Autoencoder trained on image classification dataset for dimension reduction (e.g. through the
AETrainerclass).A python environment with the following packages installed:
dataeval[torch]ordataeval[all]tabulate
Setting up#
Let’s import the required libraries needed to set up a minimal working example
import math
import matplotlib.pyplot as plt # type: ignore
import numpy as np
import torch
import torch.nn as nn
from sklearn.manifold import TSNE # type: ignore
from dataeval._internal.datasets import MNIST
from dataeval.metrics.bias import coverage
Load the data#
We will use the MNIST dataset from torchvision for this tutorial on coverage.
# We train a 10-d autoencoder on MNIST data for 1000 epochs with batch size 128
num_epochs = 1000
batch_size = 128
# Set seeds
torch.manual_seed(14)
# MNIST with mean 0 unit variance
trainset = MNIST(
root="./data",
train=True,
download=True,
size=2000,
unit_interval=True,
dtype=np.float32,
channels="channels_first",
normalize=(0.1307, 0.3081),
)
dataloader = torch.utils.data.DataLoader(trainset, batch_size=batch_size, shuffle=True, num_workers=4)
Files already downloaded and verified
In this tutorial, we will use an autoencoder to reduce the dimension of the MNIST images.
# Define model architecture
class Autoencoder(nn.Module):
def __init__(self):
super().__init__()
self.encoder = nn.Sequential(
# 28 x 28
nn.Conv2d(1, 4, kernel_size=5),
# 4 x 24 x 24
nn.ReLU(True),
nn.Conv2d(4, 8, kernel_size=5),
nn.ReLU(True),
# 8 x 20 x 20 = 3200
nn.Flatten(),
nn.Linear(3200, 10),
# 10
nn.Sigmoid(),
)
self.decoder = nn.Sequential(
# 10
nn.Linear(10, 400),
# 400
nn.ReLU(True),
nn.Linear(400, 4000),
# 4000
nn.ReLU(True),
nn.Unflatten(1, (10, 20, 20)),
# 10 x 20 x 20
nn.ConvTranspose2d(10, 10, kernel_size=5),
# 24 x 24
nn.ConvTranspose2d(10, 1, kernel_size=5),
# 28 x 28
nn.Sigmoid(),
)
def forward(self, x):
x = self.encoder(x)
x = self.decoder(x)
return x
def encode(self, x):
x = self.encoder(x)
return x
For computational reasons, we will simply load the trained autoencoder. See the how-to How to create image embeddings with an autoencoder for more information on how to train an autoencoder.

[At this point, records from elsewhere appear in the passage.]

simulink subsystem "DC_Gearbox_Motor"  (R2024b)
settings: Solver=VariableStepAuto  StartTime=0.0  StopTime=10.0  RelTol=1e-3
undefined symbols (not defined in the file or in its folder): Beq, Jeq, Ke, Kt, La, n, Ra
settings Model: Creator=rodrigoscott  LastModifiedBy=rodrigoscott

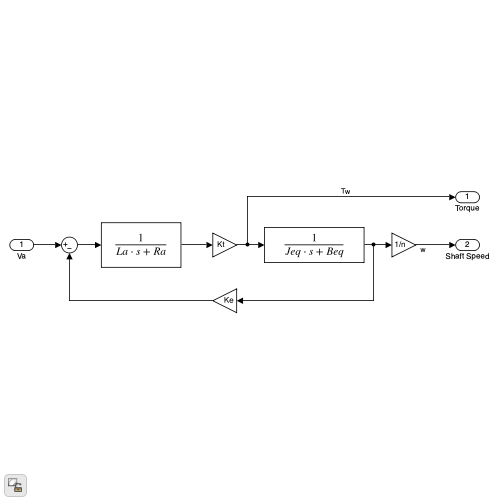
[thumbnail: Simulink's stored preview of the top-level diagram]
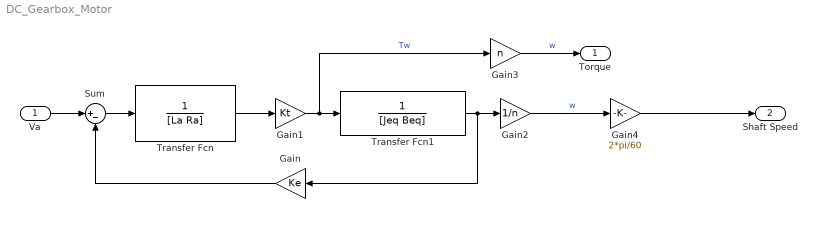
== system DC_Gearbox_Motor ==
  Va : Inport
  Gain : Gain  Gain=Ke
  Gain1 : Gain  Gain=Kt
  Gain2 : Gain  Gain=1/n
  Gain3 : Gain  Gain=n
  Gain4 : Gain  Gain=2*pi/60
  Sum : Sum  Inputs=|+-
  Transfer Fcn : TransferFcn  Denominator=[La Ra]
  Transfer Fcn1 : TransferFcn  Denominator=[Jeq Beq]
  Torque : Outport
  Shaft Speed : Outport  Port=2
  wires:
  Transfer Fcn/1 -> Gain1/1
  Gain/1 -> Sum/2
  Gain2/1 -> Gain4/1  "w"
  Sum/1 -> Transfer Fcn/1
  Gain1/1 -> Transfer Fcn1/1, Gain3/1  "Tw"
  Va/1 -> Sum/1
  Transfer Fcn1/1 -> Gain2/1, Gain/1
  Gain3/1 -> Torque/1  "w"
  Gain4/1 -> Shaft Speed/1

sd = torch.load("models/ae")
model = Autoencoder()
model.load_state_dict(sd)
<All keys matched successfully>
# Get images to predict on and predict
pred = trainset.data
label = trainset.targets
mod_preds = model.encode(torch.tensor(pred)).detach().numpy()
To visualize the encodings, we will use TSNE on them to view separation.
# Visualize 10d as 2d with TSNE
tsne = TSNE(n_components=2)
red_dim = tsne.fit_transform(mod_preds)
# Plot results with color being label
fig, ax = plt.subplots()
scatter = ax.scatter(
x=red_dim[:, 0],
y=red_dim[:, 1],
c=label,
label=label,
)
ax.legend(*scatter.legend_elements(), loc="upper right", ncols=2)
plt.show()
Some good separation, but you can see a few images in the “gaps”. This could be an artifact of dimension reduction, or suggest that we have poor coverage for some covariates.
# Way to calculate data-agnostic radius (probably don't want to do this)
k = 20
n = 2000
d = 10
rho = (1 / math.sqrt(math.pi)) * ((4 * 20 * math.gamma(d / 2 + 1)) / (n)) ** (1 / d)
# Way to calculate data-adaptive radius (most extreme 1% are uncovered)
percent = 0.01
cutoff = int(n * percent)
# Use data adaptive cutoff
cvrg = coverage(mod_preds, radius_type="adaptive")
# Plot the least covered 0.5%
f, axs = plt.subplots(4, 4)
axs = axs.flatten()
for count, i in enumerate(axs):
i.imshow(np.squeeze(pred[cvrg.indices[count]]), cmap="gray")
The Coverage tool identified that in this set of 2000 images, there is potential under-coverage when it comes to wonky/ crossed 7s.
Other digits have some undercovered instances, but could be they are just outliers.
More investigation into outlier status is needed, see How to identify outliers and/or anomalies in a dataset for more info.